#### Record set ####

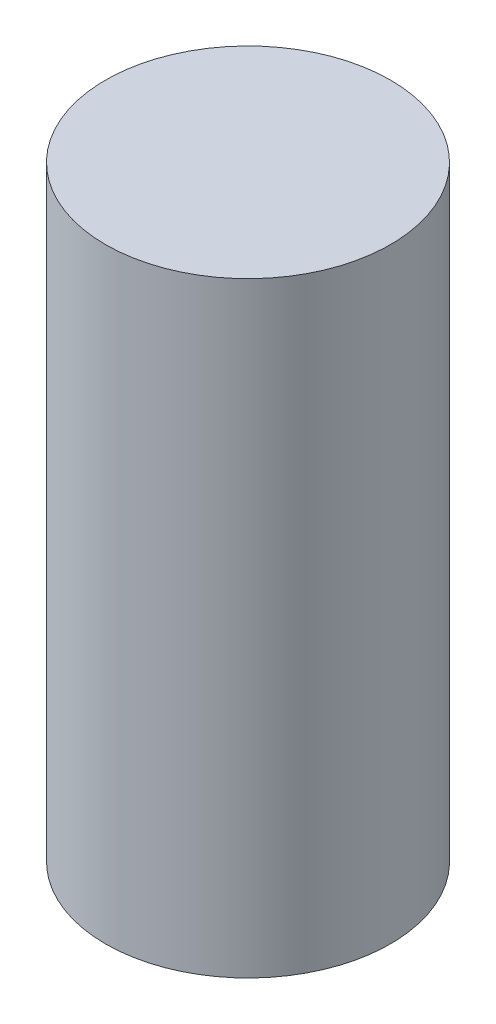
ISO-10303-21;
HEADER;
FILE_DESCRIPTION(('STEP AP214'),'2;1');
FILE_NAME('part.step','',(''),(''),'','','');
FILE_SCHEMA(('AUTOMOTIVE_DESIGN { 1 0 10303 214 1 1 1 1 }'));
ENDSEC;
DATA;
#1=APPLICATION_CONTEXT('core data for automotive mechanical design processes');
#2=APPLICATION_PROTOCOL_DEFINITION('international standard','automotive_design',2000,#1);
#3=PRODUCT_CONTEXT('',#1,'mechanical');
#4=PRODUCT('Part','Part','',(#3));
#5=PRODUCT_RELATED_PRODUCT_CATEGORY('part','',(#4));
#6=PRODUCT_DEFINITION_FORMATION('','',#4);
#7=PRODUCT_DEFINITION_CONTEXT('part definition',#1,'design');
#8=PRODUCT_DEFINITION('design','',#6,#7);
#9=PRODUCT_DEFINITION_SHAPE('','',#8);
#10=(LENGTH_UNIT() NAMED_UNIT(*) SI_UNIT(.MILLI.,.METRE.));
#11=(NAMED_UNIT(*) PLANE_ANGLE_UNIT() SI_UNIT($,.RADIAN.));
#12=(NAMED_UNIT(*) SI_UNIT($,.STERADIAN.) SOLID_ANGLE_UNIT());
#13=UNCERTAINTY_MEASURE_WITH_UNIT(LENGTH_MEASURE(1.E-05),#10,'distance_accuracy_value','');
#14=(GEOMETRIC_REPRESENTATION_CONTEXT(3) GLOBAL_UNCERTAINTY_ASSIGNED_CONTEXT((#13)) GLOBAL_UNIT_ASSIGNED_CONTEXT((#10,
#11,#12)) REPRESENTATION_CONTEXT('',''));
#15=CARTESIAN_POINT('',(0.,0.,0.));
#16=DIRECTION('',(0.,0.,1.));
#17=DIRECTION('',(1.,0.,0.));
#18=AXIS2_PLACEMENT_3D('',#15,#16,#17);
#19=CARTESIAN_POINT('',(0.,85.,0.));
#20=DIRECTION('',(0.,-1.,0.));
#21=DIRECTION('',(0.,0.,-1.));
#22=AXIS2_PLACEMENT_3D('',#19,#20,#21);
#23=CYLINDRICAL_SURFACE('',#22,20.);
#24=CARTESIAN_POINT('',(0.,85.,0.));
#25=DIRECTION('',(0.,1.,0.));
#26=DIRECTION('',(0.,0.,1.));
#27=AXIS2_PLACEMENT_3D('',#24,#25,#26);
#28=CIRCLE('',#27,20.);
#29=CARTESIAN_POINT('',(0.,85.,20.));
#30=VERTEX_POINT('',#29);
#31=EDGE_CURVE('E10',#30,#30,#28,.T.);
#32=ORIENTED_EDGE('',*,*,#31,.F.);
#33=EDGE_LOOP('',(#32));
#34=FACE_BOUND('',#33,.T.);
#35=CARTESIAN_POINT('',(0.,0.,0.));
#36=DIRECTION('',(0.,1.,0.));
#37=DIRECTION('',(0.,0.,1.));
#38=AXIS2_PLACEMENT_3D('',#35,#36,#37);
#39=CIRCLE('',#38,20.);
#40=CARTESIAN_POINT('',(0.,0.,20.));
#41=VERTEX_POINT('',#40);
#42=EDGE_CURVE('E42',#41,#41,#39,.T.);
#43=ORIENTED_EDGE('',*,*,#42,.T.);
#44=EDGE_LOOP('',(#43));
#45=FACE_BOUND('',#44,.T.);
#46=ADVANCED_FACE('F39',(#34,#45),#23,.T.);
#47=CARTESIAN_POINT('',(0.,85.,0.));
#48=DIRECTION('',(0.,1.,0.));
#49=DIRECTION('',(0.,0.,1.));
#50=AXIS2_PLACEMENT_3D('',#47,#48,#49);
#51=PLANE('',#50);
#52=ORIENTED_EDGE('',*,*,#31,.T.);
#53=EDGE_LOOP('',(#52));
#54=FACE_BOUND('',#53,.T.);
#55=ADVANCED_FACE('F54',(#54),#51,.T.);
#56=CARTESIAN_POINT('',(0.,0.,0.));
#57=DIRECTION('',(0.,1.,0.));
#58=DIRECTION('',(0.,0.,1.));
#59=AXIS2_PLACEMENT_3D('',#56,#57,#58);
#60=PLANE('',#59);
#61=ORIENTED_EDGE('',*,*,#42,.F.);
#62=EDGE_LOOP('',(#61));
#63=FACE_BOUND('',#62,.T.);
#64=ADVANCED_FACE('F52',(#63),#60,.F.);
#65=CLOSED_SHELL('',(#46,#55,#64));
#66=MANIFOLD_SOLID_BREP('B2',#65);
#67=ADVANCED_BREP_SHAPE_REPRESENTATION('',(#18,#66),#14);
#68=SHAPE_DEFINITION_REPRESENTATION(#9,#67);
ENDSEC;
END-ISO-10303-21;

####

#### Task prompt:
Given the data above, transcribe exactly the lines from the one containing "#9=PRODUCT_DEFINITION_SHAPE('','',#8);" down to the one containing "#12=(NAMED_UNIT(*) SI_UNIT($,.STERADIAN.) SOLID_ANGLE_UNIT());", and no others.

#### Exercise output:
#9=PRODUCT_DEFINITION_SHAPE('','',#8);
#10=(LENGTH_UNIT() NAMED_UNIT(*) SI_UNIT(.MILLI.,.METRE.));
#11=(NAMED_UNIT(*) PLANE_ANGLE_UNIT() SI_UNIT($,.RADIAN.));
#12=(NAMED_UNIT(*) SI_UNIT($,.STERADIAN.) SOLID_ANGLE_UNIT());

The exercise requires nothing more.